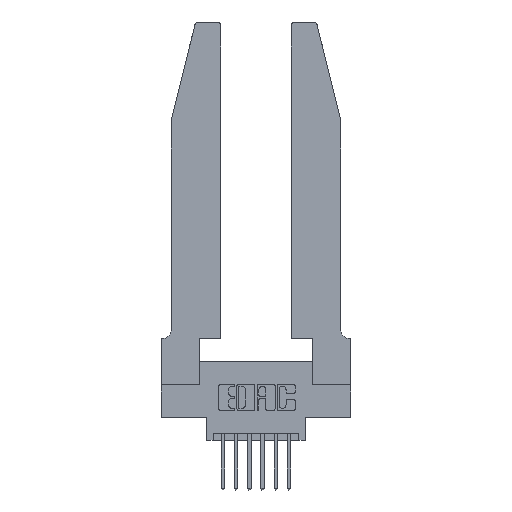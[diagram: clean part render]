
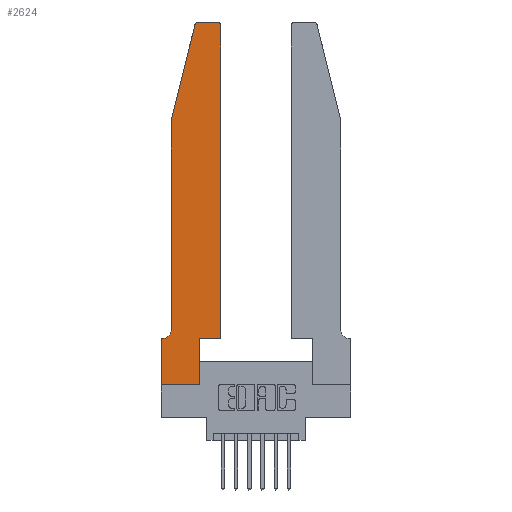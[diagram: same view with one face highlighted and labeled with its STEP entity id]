
A CAD part, top view. The second image highlights one B-rep face of the part: STEP entity #2624.
In plain terms, the highlighted planar face has unit normal (0, 0, 1).
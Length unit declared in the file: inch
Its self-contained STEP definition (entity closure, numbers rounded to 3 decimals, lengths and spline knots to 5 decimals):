
#23 = EDGE_CURVE ( 'NONE', #6572, #1337, #11063, .T. ) ;
#51 = EDGE_CURVE ( 'NONE', #1337, #10411, #4187, .T. ) ;
#276 = VERTEX_POINT ( 'NONE', #8590 ) ;
#284 = CARTESIAN_POINT ( 'NONE',  ( 0.284, 2.75, 0.37 ) ) ;
#456 = ORIENTED_EDGE ( 'NONE', *, *, #509, .T. ) ;
#509 = EDGE_CURVE ( 'NONE', #2015, #2335, #9120, .T. ) ;
#512 = DIRECTION ( 'NONE',  ( 0., -1., 0. ) ) ;
#746 = DIRECTION ( 'NONE',  ( 0., 0., 1. ) ) ;
#854 = LINE ( 'NONE', #1261, #5560 ) ;
#909 = EDGE_CURVE ( 'NONE', #5044, #13534, #2425, .T. ) ;
#920 = AXIS2_PLACEMENT_3D ( 'NONE', #930, #746, #8774 ) ;
#930 = CARTESIAN_POINT ( 'NONE',  ( 0., 0.35, 0.37 ) ) ;
#988 = FACE_OUTER_BOUND ( 'NONE', #8267, .T. ) ;
#1087 = DIRECTION ( 'NONE',  ( 1., 0., 0. ) ) ;
#1140 = CARTESIAN_POINT ( 'NONE',  ( 0.2865, 0.35, 0.37 ) ) ;
#1224 = VECTOR ( 'NONE', #4873, 39.37008 ) ;
#1261 = CARTESIAN_POINT ( 'NONE',  ( 0.2605, 2.75, 0.37 ) ) ;
#1272 = EDGE_CURVE ( 'NONE', #2335, #6229, #854, .T. ) ;
#1337 = VERTEX_POINT ( 'NONE', #3601 ) ;
#1362 = CARTESIAN_POINT ( 'NONE',  ( 0.4205, 2.72, 0.37 ) ) ;
#1661 = CARTESIAN_POINT ( 'NONE',  ( 0.4505, 0.35, 0.37 ) ) ;
#1946 = CARTESIAN_POINT ( 'NONE',  ( 0.0055, 0.35, 0.37 ) ) ;
#2015 = VERTEX_POINT ( 'NONE', #11762 ) ;
#2016 = DIRECTION ( 'NONE',  ( 0., -1., 0. ) ) ;
#2178 = ORIENTED_EDGE ( 'NONE', *, *, #12169, .T. ) ;
#2335 = VERTEX_POINT ( 'NONE', #11054 ) ;
#2350 = AXIS2_PLACEMENT_3D ( 'NONE', #8150, #2550, #11596 ) ;
#2373 = EDGE_CURVE ( 'NONE', #13534, #6572, #13252, .T. ) ;
#2425 = LINE ( 'NONE', #6390, #5043 ) ;
#2550 = DIRECTION ( 'NONE',  ( 0., 0., -1. ) ) ;
#2624 = ADVANCED_FACE ( 'NONE', ( #988 ), #14229, .T. ) ;
#3187 = ORIENTED_EDGE ( 'NONE', *, *, #7781, .T. ) ;
#3328 = ORIENTED_EDGE ( 'NONE', *, *, #2373, .T. ) ;
#3601 = CARTESIAN_POINT ( 'NONE',  ( 0.2865, 0., 0.37 ) ) ;
#3798 = CIRCLE ( 'NONE', #2350, 0.07 ) ;
#3908 = VECTOR ( 'NONE', #11796, 39.37008 ) ;
#4187 = LINE ( 'NONE', #1140, #5588 ) ;
#4210 = EDGE_CURVE ( 'NONE', #10411, #276, #11046, .T. ) ;
#4298 = VECTOR ( 'NONE', #512, 39.37008 ) ;
#4873 = DIRECTION ( 'NONE',  ( 1., 0., 0. ) ) ;
#4892 = VERTEX_POINT ( 'NONE', #8425 ) ;
#4983 = CARTESIAN_POINT ( 'NONE',  ( 0.4505, 0.35, 0.37 ) ) ;
#5043 = VECTOR ( 'NONE', #8841, 39.37008 ) ;
#5044 = VERTEX_POINT ( 'NONE', #1946 ) ;
#5305 = DIRECTION ( 'NONE',  ( -0.239, -0.971, 0. ) ) ;
#5560 = VECTOR ( 'NONE', #6788, 39.37008 ) ;
#5588 = VECTOR ( 'NONE', #14441, 39.37008 ) ;
#5663 = ORIENTED_EDGE ( 'NONE', *, *, #909, .T. ) ;
#6229 = VERTEX_POINT ( 'NONE', #284 ) ;
#6390 = CARTESIAN_POINT ( 'NONE',  ( 0.0755, 0.35, 0.37 ) ) ;
#6435 = CARTESIAN_POINT ( 'NONE',  ( 0., 0.35, 0.37 ) ) ;
#6528 = DIRECTION ( 'NONE',  ( 0., 0., 1. ) ) ;
#6572 = VERTEX_POINT ( 'NONE', #8506 ) ;
#6774 = EDGE_CURVE ( 'NONE', #4892, #5044, #3798, .T. ) ;
#6788 = DIRECTION ( 'NONE',  ( -1., 0., 0. ) ) ;
#6913 = VECTOR ( 'NONE', #5305, 39.37008 ) ;
#6942 = LINE ( 'NONE', #14377, #11353 ) ;
#7101 = ORIENTED_EDGE ( 'NONE', *, *, #23, .T. ) ;
#7122 = CARTESIAN_POINT ( 'NONE',  ( 0.2865, 0.35, 0.37 ) ) ;
#7165 = EDGE_CURVE ( 'NONE', #12544, #4892, #6942, .T. ) ;
#7213 = CARTESIAN_POINT ( 'NONE',  ( 0., 0., 0.37 ) ) ;
#7779 = ORIENTED_EDGE ( 'NONE', *, *, #6774, .T. ) ;
#7781 = EDGE_CURVE ( 'NONE', #13200, #12544, #10078, .T. ) ;
#7931 = DIRECTION ( 'NONE',  ( 0., 0., 1. ) ) ;
#8079 = VECTOR ( 'NONE', #1087, 39.37008 ) ;
#8150 = CARTESIAN_POINT ( 'NONE',  ( 0.0055, 0.42, 0.37 ) ) ;
#8267 = EDGE_LOOP ( 'NONE', ( #9138, #2178, #3187, #10711, #7779, #5663, #3328, #7101, #8853, #13125, #13996, #456 ) ) ;
#8425 = CARTESIAN_POINT ( 'NONE',  ( 0.0755, 0.42, 0.37 ) ) ;
#8506 = CARTESIAN_POINT ( 'NONE',  ( 0., 0., 0.37 ) ) ;
#8590 = CARTESIAN_POINT ( 'NONE',  ( 0.4505, 0.35, 0.37 ) ) ;
#8774 = DIRECTION ( 'NONE',  ( 1., 0., 0. ) ) ;
#8831 = EDGE_CURVE ( 'NONE', #276, #2015, #14063, .T. ) ;
#8841 = DIRECTION ( 'NONE',  ( -1., 0., 0. ) ) ;
#8853 = ORIENTED_EDGE ( 'NONE', *, *, #51, .T. ) ;
#9120 = CIRCLE ( 'NONE', #13108, 0.03 ) ;
#9138 = ORIENTED_EDGE ( 'NONE', *, *, #1272, .T. ) ;
#10078 = LINE ( 'NONE', #10911, #6913 ) ;
#10403 = CARTESIAN_POINT ( 'NONE',  ( 0.25487, 2.72718, 0.37 ) ) ;
#10411 = VERTEX_POINT ( 'NONE', #7122 ) ;
#10711 = ORIENTED_EDGE ( 'NONE', *, *, #7165, .T. ) ;
#10911 = CARTESIAN_POINT ( 'NONE',  ( 0.0755, 2., 0.37 ) ) ;
#11046 = LINE ( 'NONE', #1661, #1224 ) ;
#11054 = CARTESIAN_POINT ( 'NONE',  ( 0.4205, 2.75, 0.37 ) ) ;
#11063 = LINE ( 'NONE', #12248, #8079 ) ;
#11353 = VECTOR ( 'NONE', #2016, 39.37008 ) ;
#11493 = CIRCLE ( 'NONE', #12110, 0.03 ) ;
#11596 = DIRECTION ( 'NONE',  ( -1., 0., 0. ) ) ;
#11762 = CARTESIAN_POINT ( 'NONE',  ( 0.4505, 2.72, 0.37 ) ) ;
#11796 = DIRECTION ( 'NONE',  ( 0., 1., 0. ) ) ;
#12100 = CARTESIAN_POINT ( 'NONE',  ( 0.284, 2.72, 0.37 ) ) ;
#12110 = AXIS2_PLACEMENT_3D ( 'NONE', #12100, #6528, #12143 ) ;
#12143 = DIRECTION ( 'NONE',  ( 1., 0., 0. ) ) ;
#12169 = EDGE_CURVE ( 'NONE', #6229, #13200, #11493, .T. ) ;
#12248 = CARTESIAN_POINT ( 'NONE',  ( 0., 0., 0.37 ) ) ;
#12544 = VERTEX_POINT ( 'NONE', #14136 ) ;
#13108 = AXIS2_PLACEMENT_3D ( 'NONE', #1362, #7931, #13552 ) ;
#13125 = ORIENTED_EDGE ( 'NONE', *, *, #4210, .T. ) ;
#13200 = VERTEX_POINT ( 'NONE', #10403 ) ;
#13252 = LINE ( 'NONE', #7213, #4298 ) ;
#13534 = VERTEX_POINT ( 'NONE', #6435 ) ;
#13552 = DIRECTION ( 'NONE',  ( 1., 0., 0. ) ) ;
#13996 = ORIENTED_EDGE ( 'NONE', *, *, #8831, .T. ) ;
#14063 = LINE ( 'NONE', #4983, #3908 ) ;
#14136 = CARTESIAN_POINT ( 'NONE',  ( 0.0755, 2., 0.37 ) ) ;
#14229 = PLANE ( 'NONE',  #920 ) ;
#14377 = CARTESIAN_POINT ( 'NONE',  ( 0.0755, 2., 0.37 ) ) ;
#14441 = DIRECTION ( 'NONE',  ( 0., 1., 0. ) ) ;

— Your objective —
In the listing above, how many lines have the string "unit" in them? Reply with only the figure.

— Answer to this exercise —
2